ACTION ITEM
Find how many lines of the following entries contain "units". Reply with the number alone.

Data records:
════════════════════

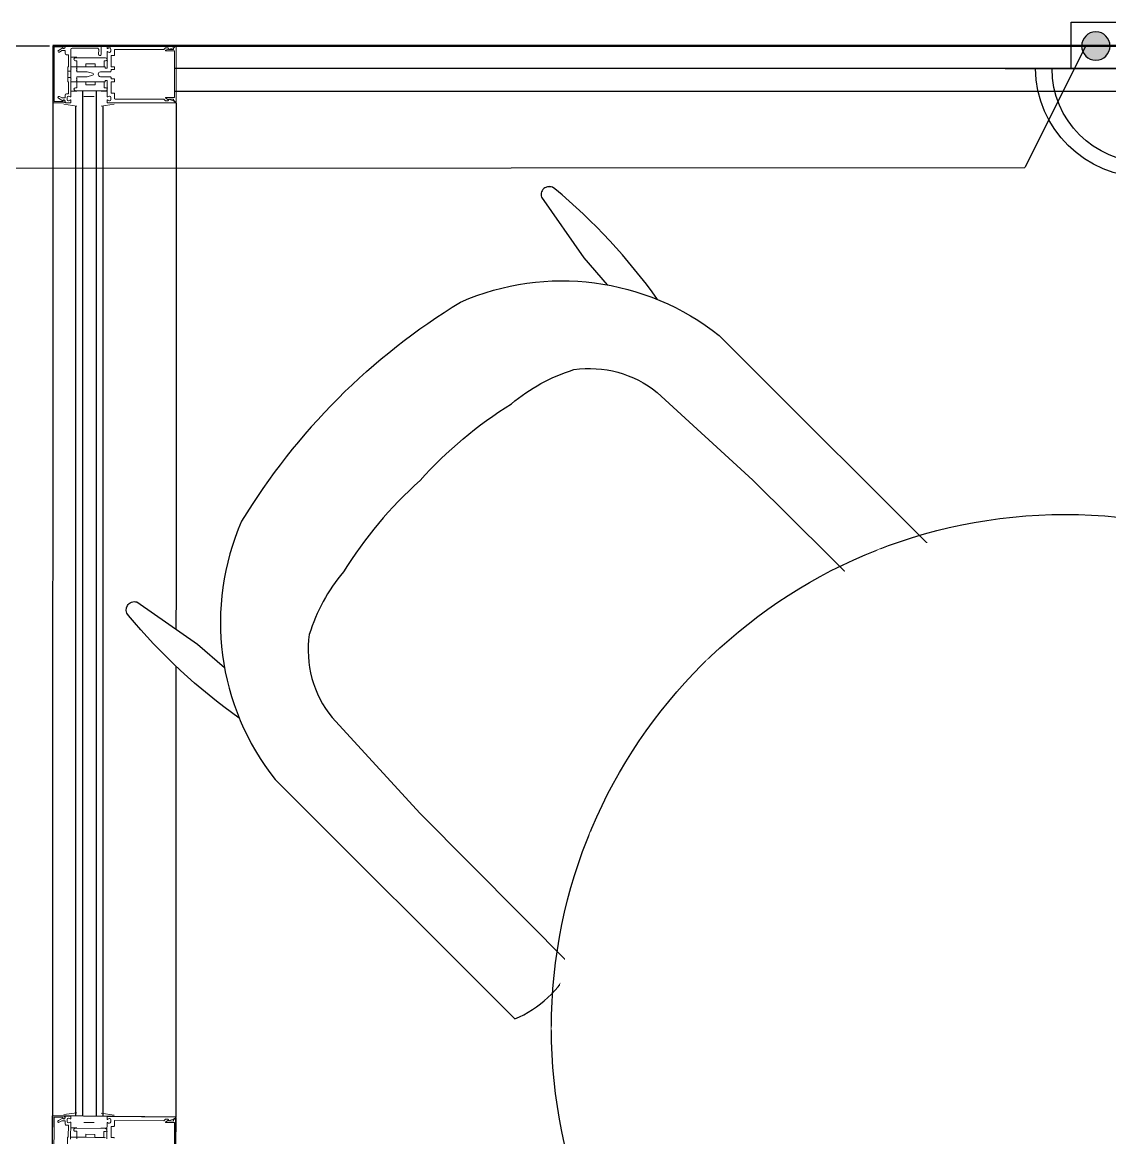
# Model space of a CAD drawing. Extents: x -678889171 to 586587, y -792238163 to 335485.
# Drawn here: x 90462 to 91415, y 36217 to 37194 of the extents above; entities that cross this region are included whole.
import ezdxf
from ezdxf.xclip import XClip

# ---------------------------------------------------------------- set-up
doc = ezdxf.new("R2010")
doc.units = 0
doc.header["$MEASUREMENT"] = 0
doc.header["$XCLIPFRAME"] = 2
doc.set_wipeout_variables(frame=1)
doc.layers.get('0').update_dxf_attribs({"color": 8})
for name, color, linetype in [('1', 8, 'Continuous'), ('9TH-FURN$0$A-SITE-PATT', 252, 'Continuous'), ('E-POW-BLOCK', 4, 'Continuous'), ('E-POW-WIR-NO', 4, 'Continuous'), ('XR-A-9TH-FLOOR$0$A-ANNO-SYMB', 252, 'Continuous'), ('XR-A-9TH-FLOOR$0$A-SITE-PATT', 252, 'Continuous'), ('XR-A-TYP 00(OUTER)$0$A-GLAZ', 252, 'Continuous'), ('XR-A-TYP 00(OUTER)$0$A-SEC-CLAD', 252, 'Continuous'), ('XR-A-TYP 00(OUTER)$0$A-SITE-PATT', 252, 'Continuous'), ('XR-A-TYP-4TH TO 10TH (OUTER)$0$A-DIM-IN', 252, 'Continuous'), ('XR-A-TYP.furn$0$2ND-FURN$0$XR-A-TYP-2-3-4-5-6-7-8-9-10$0$XR-A-TYP$0$TYPICAL TYPES$0$I-WIPEOUT', 252, 'Continuous'), ('XR-A-TYP.furn$0$2ND-FURN$0$XR-A-TYP-2-3-4-5-6-7-8-9-10$0$XR-A-TYP$0$TYPICAL TYPES$0$XREF_3BR$0$I-FURN', 252, 'Continuous'), ('XR-A-TYP.furn$0$A-SITE-PATT', 252, 'Continuous'), ('XR-Typ24$0$XR-A-2ND-FLOOR$0$XR-A-TYP-2-3-4-5-6-7-8-9-10$0$A-WALL', 252, 'Continuous')]:
    doc.layers.add(name, color=color, linetype=linetype)
doc.layers.add('XR-A-TYP 00(OUTER)$0$A-WALL-CMU', color=252, linetype='Continuous', lineweight=50)
doc.layers.add('XR-A-TYP 00(OUTER)$0$Main entrance$0$A-ELEV-GLAZ', color=252, linetype='Continuous', lineweight=20)

# ---------------------------------------------------------------- blocks, each defined once
blk = doc.blocks.new('SO1 WP')
at = {"layer": 'E-POW-BLOCK'}
h = blk.add_hatch(color=3, dxfattribs=at)
h.dxf.hatch_style = 1
edge = h.paths.add_edge_path()
edge.add_arc((-0.1064, -0.0481), 0.0303, 0, 360)
at = {"layer": 'E-POW-BLOCK', "color": 3}
for p, q in [((0, 0.2), (0, 0.45)), ((-0.3, 0), (0.3, 0))]:
    blk.add_line(p, q, dxfattribs=at)
blk.add_lwpolyline([(0.1593, 0), (-0.1593, 0), (-0.1593, -0.0988), (0.1593, -0.0988)], close=True, dxfattribs=at)
for centre in [(-0.1064, -0.0481), (0.1096, -0.0481)]:
    blk.add_circle(centre, 0.0303, dxfattribs=at)
for centre, radius, start, end in [((0, -0.0028), 0.2353, 0.6833, 179.3167), ((0, 0), 0.2, 0, 180)]:
    blk.add_arc(centre, radius, start, end, dxfattribs=at)
blk = doc.blocks.new('XR-A-TYP 00(OUTER)$0$2nd floor towers$0$xref units$0$Sl-Dr-1500')
at = {"layer": 'XR-A-TYP 00(OUTER)$0$A-GLAZ'}
for p, q in [((2124.96, 7.87, 0), (2173.82, 7.88, 0)), ((2173.82, 7.88, 0), (2175, -100.12, 0)), ((475, -100.12, 0), (2175, -100.12, 0))]:
    blk.add_line(p, q, dxfattribs=at)
at = {"layer": 'XR-A-TYP 00(OUTER)$0$Main entrance$0$A-ELEV-GLAZ'}
for p, q in [((2170.59, 1.35, 0), (2172.34, 6.33, 0)), ((2171.45, 1.36, 0), (2170.59, 1.35, 0)), ((2172.12, -1.3, 0), (2172.1, 0.73, 0)), ((2172.34, 6.33, 0), (2173.46, 7.48, 0)), ((2173.82, 7.34, 0), (2174.47, -51.95)), ((2170.63, -2.82, 0), (2172.12, -1.3, 0)), ((2170.63, -2.82, 0), (2171.1, -45.51, 0)), ((2156.06, -48.96, 0), (2156.04, -46.53, 0)), ((2165.87, -48.85, 0), (2156.06, -48.96, 0)), ((2165.84, -46.42, 0), (2165.87, -48.85, 0)), ((2170.68, -45.94, 0), (2166.26, -45.99, 0)), ((2177.43, -57.64, 0), (2175.69, -46.23)), ((2160.93, -52.53, 0), (2155.04, -52.59, 0)), ((2156.12, -54.4, 0), (2156.39, -79.04, 0)), ((2161.28, -55.17, 0), (2156.13, -55.22, 0)), ((2156.13, -55.22, 0), (2156.22, -63.16, 0)), ((2161.25, -52.21, 0), (2160.93, -52.53, 0)), ((2161.57, -52.52, 0), (2161.25, -52.21, 0)), ((2161.26, -53.85, 0), (2161.28, -55.17, 0)), ((2169.02, -52.44, 0), (2161.57, -52.52, 0)), ((2164.2, -80.27, 0), (2163.91, -53.82, 0)), ((2164.33, -52.49, 0), (2164.38, -57.79, 0)), ((2168.65, -50.32, 0), (2168.66, -50.55, 0)), ((2171.56, -49.23, 0), (2169.7, -49.25, 0)), ((2174.05, -52.38), (2172.32, -52.4, 0)), ((2172.64, -50.5, 0), (2172.63, -50.28, 0)), ((2156.22, -63.16, 0), (2158.87, -63.13, 0)), ((2158.87, -63.13, 0), (2158.95, -71.07, 0)), ((2169.14, -63.73, 0), (2169.24, -72.89, 0)), ((2158.95, -71.07, 0), (2156.31, -71.1, 0)), ((2156.31, -71.1, 0), (2156.39, -79.04, 0)), ((2156.21, -86.98, 0), (2150.17, -87.04, 0)), ((2154.59, -84.35, 0), (2169.36, -84.19, 0)), ((2156.39, -79.04, 0), (2155.07, -79.05, 0)), ((2156.45, -84.33, 0), (2155.13, -84.34, 0)), ((2156.39, -79.04, 0), (2155.55, -79.05, 0)), ((2156.73, -86.44, 0), (2156.21, -86.98, 0)), ((2156.39, -79.04, 0), (2161.54, -78.98, 0)), ((2156.45, -84.33, 0), (2156.39, -79.04, 0)), ((2166.93, -86.33, 0), (2156.73, -86.44, 0)), ((2161.54, -78.98, 0), (2161.55, -80.3, 0)), ((2164.67, -84.23, 0), (2164.62, -78.94, 0)), ((2166.95, -87.94, 0), (2166.93, -86.33, 0)), ((2169.05, -86.08, 0), (2169.05, -86.31, 0)), ((2170.12, -87.35, 0), (2171.98, -87.33, 0)), ((2172.67, -84.15, 0), (2174.4, -84.13)), ((2173.03, -86.26, 0), (2173.03, -86.04, 0)), ((2174.83, -84.55), (2174.87, -88.49)), ((2177.67, -78.8, 0), (2176.17, -90.24, 0)), ((2170.65, -89.17, 0), (2168.23, -89.19, 0)), ((2169.42, -94.26, 0), (2170.68, -92.02, 0)), ((2170.68, -92.02, 0), (2170.65, -89.17, 0)), ((2173.08, -91.2, 0), (2170.89, -95.09, 0)), ((2173.19, -89.35, 0), (2173.61, -89.35, 0)), ((2173.84, -91.04, 0), (2173.21, -91.04, 0)), ((2174.25, -89.13), (2173.4, -89.14, 0)), ((2173.93, -98.74), (2173.84, -91.04, 0)), ((2174.9, -90.6), (2175, -100)), ((2175, -100), (2125, -100.55, 0)), ((2126.05, -99.27, 0), (2173.93, -98.74))]:
    blk.add_line(p, q, dxfattribs=at)
at = {"layer": 'XR-A-TYP 00(OUTER)$0$Main entrance$0$A-ELEV-GLAZ', "elevation": 0}
blk.add_lwpolyline([(2173.16, 7.99, -0.668179), (2173.31, 7.63), (2171.57, 5.85), (2170.54, 5.84), (2170.59, 1.35), (2171.26, 1.36), (2169.89, -1.08, -0.767327), (2169.3, -0.93), (2169.21, 6.67), (2128.45, 6.22), (2128.53, -1.38, -0.767327), (2127.94, -1.54), (2126.51, 0.87), (2127.19, 0.88), (2127.14, 5.36), (2126.1, 5.35), (2124.33, 7.09, -0.668179), (2124.47, 7.45)], format="xyb", close=True, dxfattribs=at)
at = {"layer": 'XR-A-TYP 00(OUTER)$0$Main entrance$0$A-ELEV-GLAZ'}
for centre, radius, start, end in [((2171.46, 0.73, 0), 0.635, 0.62873, 90.62873), ((2173.61, 7.33, 0), 0.211, 0.62873, 135.62873), ((2155.61, -46.53, 0), 0.423, 0.62873, 90.62873), ((2166.26, -46.41, 0), 0.423, 90.62873, 180.62873), ((2170.68, -45.52, 0), 0.423, 270.62873, 0.62873), ((2155.91, -54.4, 0), 0.212, 0.62873, 90.62873), ((2162.59, -53.83, 0), 1.32, 0.62873, 180.62873), ((2169.71, -50.31, 0), 1.06, 90.62873, 180.62873), ((2170.56, -50.53, 0), 1.91, 180.62873, 225.81842), ((2169.01, -52.12, 0), 0.318, 270.62873, 45.81842), ((2171.58, -50.29, 0), 1.06, 0.62873, 90.62873), ((2172.31, -52.08, 0), 0.318, 135.43904, 270.62873), ((2170.73, -50.52, 0), 1.91, 315.43904, 0.62873), ((2174.05, -51.96), 0.423, 270.62873, 0.62873), ((2162.88, -80.29, 0), 1.32, 180.62873, 0.62873), ((2168.22, -87.92, 0), 1.27, 180.62873, 270.62873), ((2170.95, -86.06, 0), 1.91, 135.43904, 180.62873), ((2170.11, -86.29, 0), 1.06, 180.62873, 270.62873), ((2169.37, -84.5, 0), 0.318, 315.43904, 90.62873), ((2171.97, -86.27, 0), 1.06, 270.62873, 0.62873), ((2172.67, -84.47, 0), 0.318, 90.62873, 225.81842), ((2171.12, -86.06, 0), 1.91, 0.62873, 45.81842), ((2174.41, -84.55), 0.423, 0.62873, 90.62873), ((2170.16, -94.68, 0), 0.847, 150.62873, 330.62873), ((2173.41, -90.2, 0), 1.06, 90.62873, 251.9658), ((2173.2, -90.2, 0), 0.847, 90.62873, 270.62873), ((2173.63, -90.62, 0), 1.27, 0.62873, 90.62873), ((2174.24, -88.49), 0.635, 270.62873, 0.62873)]:
    blk.add_arc(centre, radius, start, end, dxfattribs=at)
blk = doc.blocks.new('XR-A-TYP 00(OUTER)$0$m')
at = {"layer": 'XR-A-TYP 00(OUTER)$0$Main entrance$0$A-ELEV-GLAZ'}
for p, q in [((12664.17, 190975.68, 0), (12663.83, 190966.28, 0)), ((12664.17, 190975.67, 0), (12663.83, 190966.28, 0)), ((12714.14, 190973.89, 0), (12664.17, 190975.68, 0)), ((12664.91, 190966.67, 0), (12665.18, 190974.37, 0)), ((12665.18, 190974.37, 0), (12713.04, 190972.66, 0)), ((12713.8, 190964.5, 0), (12714.14, 190973.89, 0)), ((12663.76, 190964.17, 0), (12662.66, 190933.37, 0)), ((12663.76, 190964.17, 0), (12663.62, 190960.23, 0)), ((12665.26, 190964.75, 0), (12664.42, 190964.78, 0)), ((12665.26, 190964.75, 0), (12664.42, 190964.78, 0)), ((12665.54, 190966.65, 0), (12664.91, 190966.67, 0)), ((12665.06, 190964.97, 0), (12665.48, 190964.95, 0)), ((12668.04, 190970.58, 0), (12665.67, 190966.8, 0)), ((12668.01, 190964.65, 0), (12668.11, 190967.5, 0)), ((12670.42, 190964.57, 0), (12668.01, 190964.65, 0)), ((12668.11, 190967.5, 0), (12669.48, 190969.68, 0)), ((12671.59, 190961.64, 0), (12671.65, 190963.25, 0)), ((12709.52, 190963.17, 0), (12707.11, 190963.26, 0)), ((12708.42, 190968.29, 0), (12709.62, 190966.02, 0)), ((12709.62, 190966.02, 0), (12709.52, 190963.17, 0)), ((12712.01, 190965.15, 0), (12709.91, 190969.09, 0)), ((12712.07, 190963.29, 0), (12712.49, 190963.28, 0)), ((12712.76, 190964.96, 0), (12712.13, 190964.98, 0)), ((12713.04, 190972.66, 0), (12712.76, 190964.96, 0)), ((12716.28, 190952.63, 0), (12715.07, 190964.11, 0)), ((12664.9, 190936.68, 0), (12665.67, 190958.47, 0)), ((12666.99, 190959.69, 0), (12683.83, 190959.09, 0)), ((12681.79, 190961.28, 0), (12671.59, 190961.64, 0)), ((12674.04, 190955.47, 0), (12673.1, 190929.03, 0)), ((12673.75, 190959.44, 0), (12673.56, 190954.16, 0)), ((12676.64, 190954.05, 0), (12676.68, 190955.37, 0)), ((12681.78, 190953.87, 0), (12676.64, 190954.05, 0)), ((12681.78, 190953.87, 0), (12680.9, 190929.25, 0)), ((12681.5, 190945.94, 0), (12681.78, 190953.87, 0)), ((12681.78, 190953.87, 0), (12681.97, 190959.16, 0)), ((12682.62, 190953.84, 0), (12681.78, 190953.87, 0)), ((12683.1, 190953.82, 0), (12681.78, 190953.87, 0)), ((12682.34, 190961.79, 0), (12681.79, 190961.28, 0)), ((12683.29, 190959.11, 0), (12681.97, 190959.16, 0)), ((12688.37, 190961.58, 0), (12682.34, 190961.79, 0)), ((12682.95, 190954.14, 0), (12682.62, 190953.84, 0)), ((12683.26, 190953.82, 0), (12682.95, 190954.14, 0)), ((12684.8, 190953.76, 0), (12683.26, 190953.82, 0)), ((12683.83, 190959.09, 0), (12684.13, 190958.76, 0)), ((12684.13, 190958.76, 0), (12684.46, 190959.07, 0)), ((12684.46, 190959.07, 0), (12692.71, 190958.77, 0)), ((12685.13, 190954.07, 0), (12684.8, 190953.76, 0)), ((12685.44, 190953.74, 0), (12685.13, 190954.07, 0)), ((12686.28, 190953.71, 0), (12685.44, 190953.74, 0)), ((12685.77, 190959.02, 0), (12685.87, 190961.66, 0)), ((12685.96, 190944.61, 0), (12686.28, 190953.71, 0)), ((12688.67, 190961.25, 0), (12688.37, 190961.58, 0)), ((12689, 190961.55, 0), (12688.67, 190961.25, 0)), ((12695.03, 190961.34, 0), (12689, 190961.55, 0)), ((12690.51, 190953.56, 0), (12690.19, 190944.46, 0)), ((12691.36, 190953.53, 0), (12690.51, 190953.56, 0)), ((12691.69, 190953.83, 0), (12691.36, 190953.53, 0)), ((12691.4, 190958.82, 0), (12691.5, 190961.46, 0)), ((12692, 190953.5, 0), (12691.69, 190953.83, 0)), ((12693.54, 190953.45, 0), (12692, 190953.5, 0)), ((12692.71, 190958.77, 0), (12693.02, 190958.44, 0)), ((12693.02, 190958.44, 0), (12693.35, 190958.75, 0)), ((12693.35, 190958.75, 0), (12708.12, 190958.22, 0)), ((12693.87, 190953.75, 0), (12693.54, 190953.45, 0)), ((12695.02, 190953.4, 0), (12693.7, 190953.44, 0)), ((12694.17, 190953.43, 0), (12693.87, 190953.75, 0)), ((12695.21, 190958.68, 0), (12693.89, 190958.73, 0)), ((12695.21, 190958.68, 0), (12695.02, 190953.4, 0)), ((12695.54, 190960.79, 0), (12695.03, 190961.34, 0)), ((12705.74, 190960.43, 0), (12695.54, 190960.79, 0)), ((12700.16, 190953.21, 0), (12700.21, 190954.53, 0)), ((12702.85, 190954.44, 0), (12701.91, 190928, 0)), ((12703.43, 190958.39, 0), (12703.24, 190953.1, 0)), ((12705.79, 190962.03, 0), (12705.74, 190960.43, 0)), ((12707.84, 190960.13, 0), (12707.85, 190960.35, 0)), ((12708.95, 190961.37, 0), (12710.81, 190961.3, 0)), ((12711.41, 190958.11, 0), (12713.15, 190958.04, 0)), ((12711.83, 190960.21, 0), (12711.82, 190959.99, 0)), ((12713.12, 190963.04, 0), (12712.27, 190963.07, 0)), ((12713.59, 190958.45, 0), (12713.73, 190962.39, 0)), ((12678.57, 190938.1, 0), (12678.85, 190946.03, 0)), ((12678.85, 190946.03, 0), (12681.5, 190945.94, 0)), ((12687.03, 190939.95, 0), (12685.96, 190944.61, 0)), ((12690.19, 190944.46, 0), (12688.79, 190939.89, 0)), ((12694.14, 190928.77, 0), (12695.02, 190953.4, 0)), ((12695.02, 190953.4, 0), (12694.17, 190953.43, 0)), ((12694.74, 190945.46, 0), (12695.02, 190953.4, 0)), ((12697.38, 190945.37, 0), (12694.74, 190945.46, 0)), ((12695.02, 190953.4, 0), (12700.16, 190953.21, 0)), ((12697.1, 190937.44, 0), (12697.38, 190945.37, 0)), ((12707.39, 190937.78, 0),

════════════════════

ANSWER TO THE PROBLEM
2